A study released last week by the University's Office of Institutional Assessment and Studies reveals that the average University student does not spend the ideal 2-3 hours per week per hour of academic credit studying. That goal means that a student taking a normal 15-credit load would study 30-45 hours a week outside of class. Instead, he or she studies outside of class for approximately 15-20 hours a week.

These statistics should not alarm educators in terms of students' work ethic. This disparity between the ideal academic workweek and the average student's reality does not suggest that students are lazy slackers. Rather, it reflects something we all probably know but perhaps don't think about much: Academic work is only part of a student's job. University students do more than class work - they also have, on average, more than one significant extracurricular commitment. These other activities occupy a substantial number of hours per week of the average student's time.

That's as it should be. The term "extracurricular" is a bit inappropriate. Quite literally, it means "outside or beyond the curriculum." This implies a much too narrow conception of a curriculum. It suggests that non-academic pursuits aren't part of real education - that they're extra, supplemental, second-rate. They're nice to have if you have time, but they're not really part of a college education.

 
Related links

  • University of Virginia Office of Institutional Assessment and Studies
  • Students learn at least as much, if not more, outside their classes than in them. College is a transition process from "school" to "job." By the end of four years, students are expected to have evolved from students to professionals. Participation in activities outside the classroom is integral to that transition. If we expect college to prepare students for life and not just teach them dry facts, then we must recognize that a college education cannot reside only within the four walls of a classroom. Student organizations - some more than others, but all to some extent - play a crucial role in educating students.
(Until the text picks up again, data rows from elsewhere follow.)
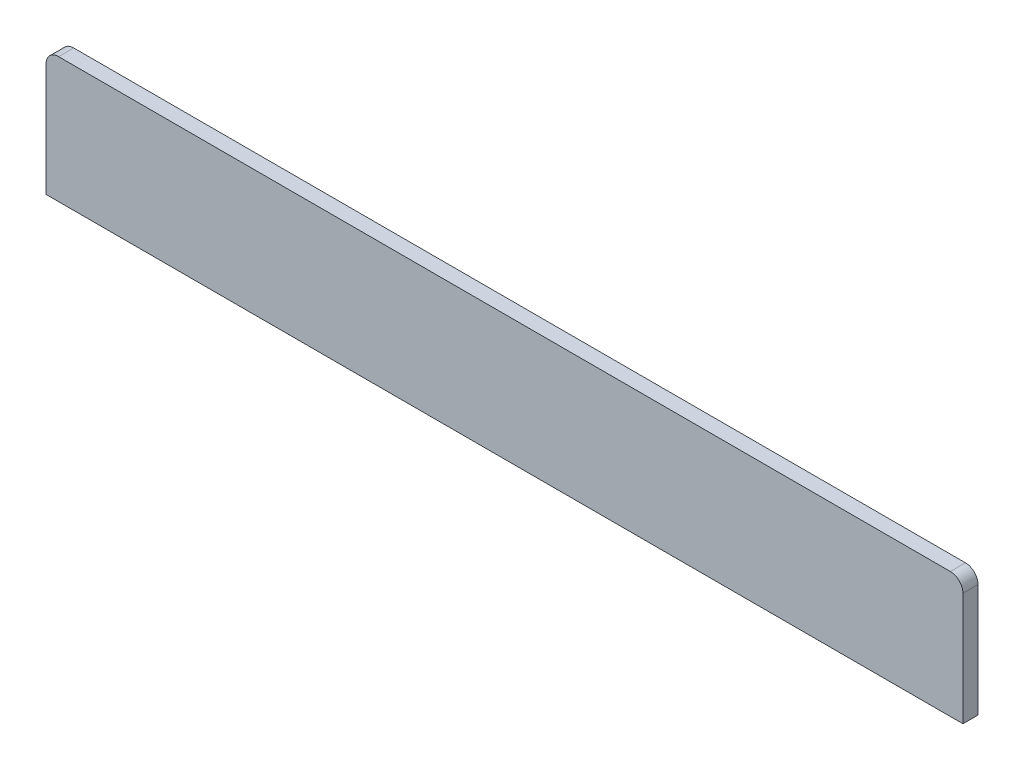
from build123d import *

# Parameters (mm, degrees)
EXTRUDE_1_DEPTH = 6


with BuildPart() as part:
    # Эскиз1 → Бобышка-Вытянуть1 (new body)
    with BuildSketch(Plane.XY):
        with BuildLine():
            Line((5, 0), (360, 0))
            ThreePointArc((360, 0), (363.535533906, -1.464466094), (365, -5))
            Line((365, -5), (365, -50))
            Line((365, -50), (0, -50))
            Line((0, -50), (0, -5))
            ThreePointArc((0, -5), (1.464466094, -1.464466094), (5, 0))
        make_face()
    extrude(amount=EXTRUDE_1_DEPTH)


solid = part.part
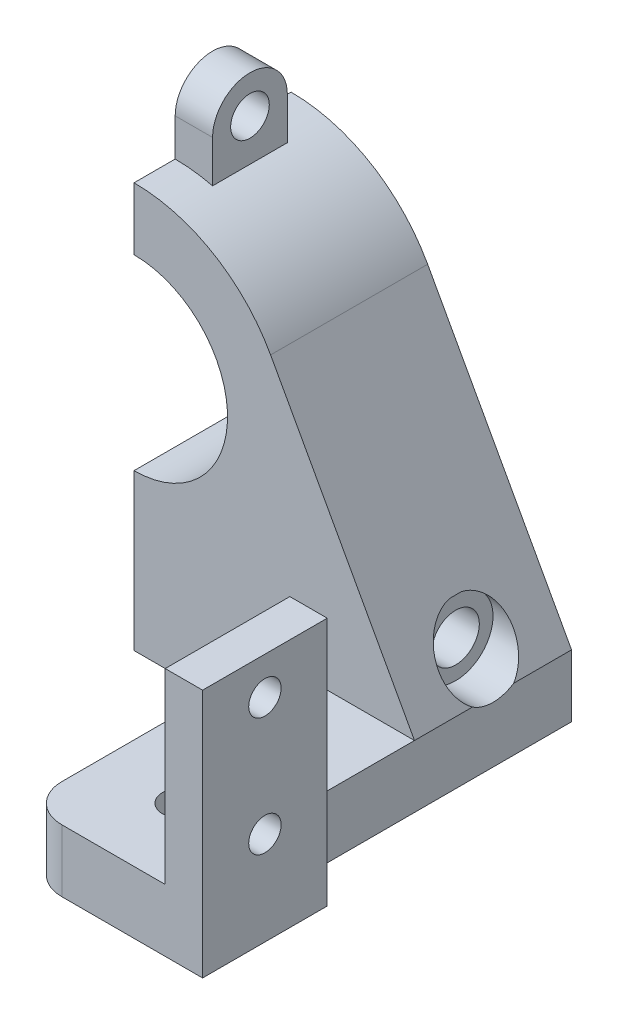
from build123d import *

# Parameters (mm, degrees)
SKETCH_1_R          = 7.5
EXTRUDE_1_DEPTH     = 12.6
SKETCH_2_W          = 11.291748881
SKETCH_2_H          = 5
EXTRUDE_2_DEPTH     = 32.6
SKETCH_3_R          = 1.5
CUT_EXTRUDE_1_DEPTH = 45.373528145
FILLET_1_R          = 3
SKETCH_4_W          = 3
SKETCH_4_H          = 10
EXTRUDE_3_DEPTH     = 20
SKETCH_5_R          = 1.3
CUT_EXTRUDE_2_DEPTH = 46.967488511
SKETCH_6_W          = 35.293936169
SKETCH_6_H          = 34.958158763
CUT_EXTRUDE_3_DEPTH = 46.967488511
EXTRUDE_4_OUTLINE_R = 1.55
EXTRUDE_4_DEPTH     = 3
SKETCH_8_R          = 1.900956558
CUT_EXTRUDE_4_DEPTH = 46.967488511
SKETCH_9_R          = 3
CUT_EXTRUDE_5_DEPTH = 3


# Read off the part's stored shape, not the designer's step: 凸台-拉伸4
with BuildPart() as part:
    # 草图1 → 凸台-拉伸1 (new body)
    with BuildSketch(Plane.XY):
        with BuildLine():
            Line((-10.956194261, 6.017624724), (-22.5, -15))
            Line((-22.5, -15), (-22.5, -20))
            Line((-22.5, -20), (22.5, -20))
            Line((22.5, -20), (22.5, -15))
            Line((22.5, -15), (10.956194261, 6.017624724))
            ThreePointArc((10.956194261, 6.017624724), (0, 12.5), (-10.956194261, 6.017624724))
        make_face()
        Circle(SKETCH_1_R, mode=Mode.SUBTRACT)
    extrude(amount=EXTRUDE_1_DEPTH)

    # 草图2 → 凸台-拉伸2 (add)
    with BuildSketch(Plane.XY):
        with Locations((-16.854125559, -17.5)):
            Rectangle(SKETCH_2_W, SKETCH_2_H)
        with Locations((16.854125559, -17.5)):
            Rectangle(SKETCH_2_W, SKETCH_2_H)
    extrude(amount=EXTRUDE_2_DEPTH)

    # 草图3 → 切除-拉伸1 (cut, through all)
    with BuildSketch(Plane(origin=(0, 0, 0), x_dir=(1, 0, 0), z_dir=(0, 1, 0))):
        with Locations(Location((-17.5, -26.3, 0), (0, 0, 270))):
            Circle(SKETCH_3_R)
        with Locations((17.5, -26.3)):
            Circle(SKETCH_3_R)
    extrude(amount=-CUT_EXTRUDE_1_DEPTH, mode=Mode.SUBTRACT)

    # 圆角1
    fillet_1_edges = [part.edges().sort_by_distance(p)[0] for p in [
        (-22.5, -17.5, 32.6),
        (-11.208251119, -17.5, 32.6),
        (11.208251119, -17.5, 32.6),
    ]]
    fillet(fillet_1_edges, radius=FILLET_1_R)

    # 草图4 → 凸台-拉伸3 (add, through all)
    with BuildSketch(Plane(origin=(0, 0, 0), x_dir=(1, 0, 0), z_dir=(0, 1, 0))):
        with Locations((24, -27.6)):
            Rectangle(SKETCH_4_W, SKETCH_4_H)
    extrude(amount=-EXTRUDE_3_DEPTH)

    # 草图5 → 切除-拉伸2 (cut, through all)
    with BuildSketch(Plane(origin=(0, 0, 0), x_dir=(0, 0, -1), z_dir=(1, 0, 0))):
        with Locations(Location((-27.6, -3, 0), (0, 0, 180))):
            Circle(SKETCH_5_R)
        with Locations(Location((-27.6, -12.5, 0), (0, 0, 180))):
            Circle(SKETCH_5_R)
    extrude(amount=CUT_EXTRUDE_2_DEPTH, mode=Mode.SUBTRACT)

    # 草图6 → 切除-拉伸3 (cut, through all)
    with BuildSketch(Plane(origin=(0, 0, 0), x_dir=(0, 0, -1), z_dir=(1, 0, 0))):
        with Locations((-16.337308601, -3.7126914)):
            Rectangle(SKETCH_6_W, SKETCH_6_H)
    extrude(amount=-CUT_EXTRUDE_3_DEPTH, mode=Mode.SUBTRACT)

    # 凸台-拉伸4 outline → 凸台-拉伸4 (add)
    with BuildSketch(Plane(origin=(0, 0, 0), x_dir=(0, 0, -1), z_dir=(1, 0, 0))):
        with BuildLine():
            Line((-9.3, 15.5), (-9.3, 9.152926334))
            Line((-9.3, 9.152926334), (-3.3, 9.152926334))
            Line((-3.3, 9.152926334), (-3.3, 15.5))
            ThreePointArc((-3.3, 15.5), (-6.3, 18.5), (-9.3, 15.5))
        make_face()
        with Locations((-6.3, 15.5)):
            Circle(EXTRUDE_4_OUTLINE_R, mode=Mode.SUBTRACT)
    extrude(amount=EXTRUDE_4_DEPTH)

    # 草图8 → 切除-拉伸4 (cut, through all)
    with BuildSketch(Plane(origin=(0, 0, 0), x_dir=(0, 0, -1), z_dir=(1, 0, 0))):
        with Locations(Location((-6.3, -12.5, 0), (0, 0, 90))):
            Circle(SKETCH_8_R)
    extrude(amount=CUT_EXTRUDE_4_DEPTH, mode=Mode.SUBTRACT)

    # 草图9 → 切除-拉伸5 (cut)
    with BuildSketch(Plane(origin=(22.5, 0, 0), x_dir=(0, 0, -1), z_dir=(1, 0, 0))):
        with Locations((-6.3, -12.5)):
            Circle(SKETCH_9_R)
    extrude(amount=-CUT_EXTRUDE_5_DEPTH, mode=Mode.SUBTRACT)


solid = part.part

Our expectations of students and their workload should reflect that.

    By the more narrow view of education, the 2-3 hours per week per credit hour makes sense. For the average student taking 15 credits, that involves 30-45 hours a week outside of class, for a total of 45-60 hours a week - pretty reasonable. But if you consider at least some of those "extracurricular" activities to be somewhat "intracurricular," the picture changes. A modest commitment to most student organizations involves upward of 10 hours per week of a student's time. Add that into the pot, and you're expecting students to work at least 55-70 hours a week - even more if they take on a bigger commitment or get involved in more than one group. Of course, there will be some students who work that much, just like there are some professions in which employees work 70 or more hours a week. But that's not a reasonable expectation for the average student.

    As a result, students cut back on the amount of time they devote to courses. Because most or all students do this gradually, we don't notice it as acutely. Expectations change, curves shift to the left and professors gradually revise their standards, whether they realize they're doing it or not.

    The result is that no one class gets as much attention as it should. When students work 15-20 hours a week instead of 30-45, each class gets around 3-4 hours a week instead of 6-9. Education becomes more superficial. Students still learn about lots of things, but they learn about them less fully. They gloss over material.

    We can change this set of circumstances in two ways. One option is to demand that students put less time into "extracurricular" activities. This isn't a good option. Take these activities away, and a college education will be left dry. Students won't be prepared to use their educations in the real world.

    The other option is to acknowledge that academics aren't everything. We can restructure our expectations to leave room for other activities while still ensuring that each class gets enough attention to be meaningful. We should change the normal full load to 12 credits. This would give students more time per class and make academics more meaningful. Such a reform would eliminate the need for students to choose between pure academics and a real education.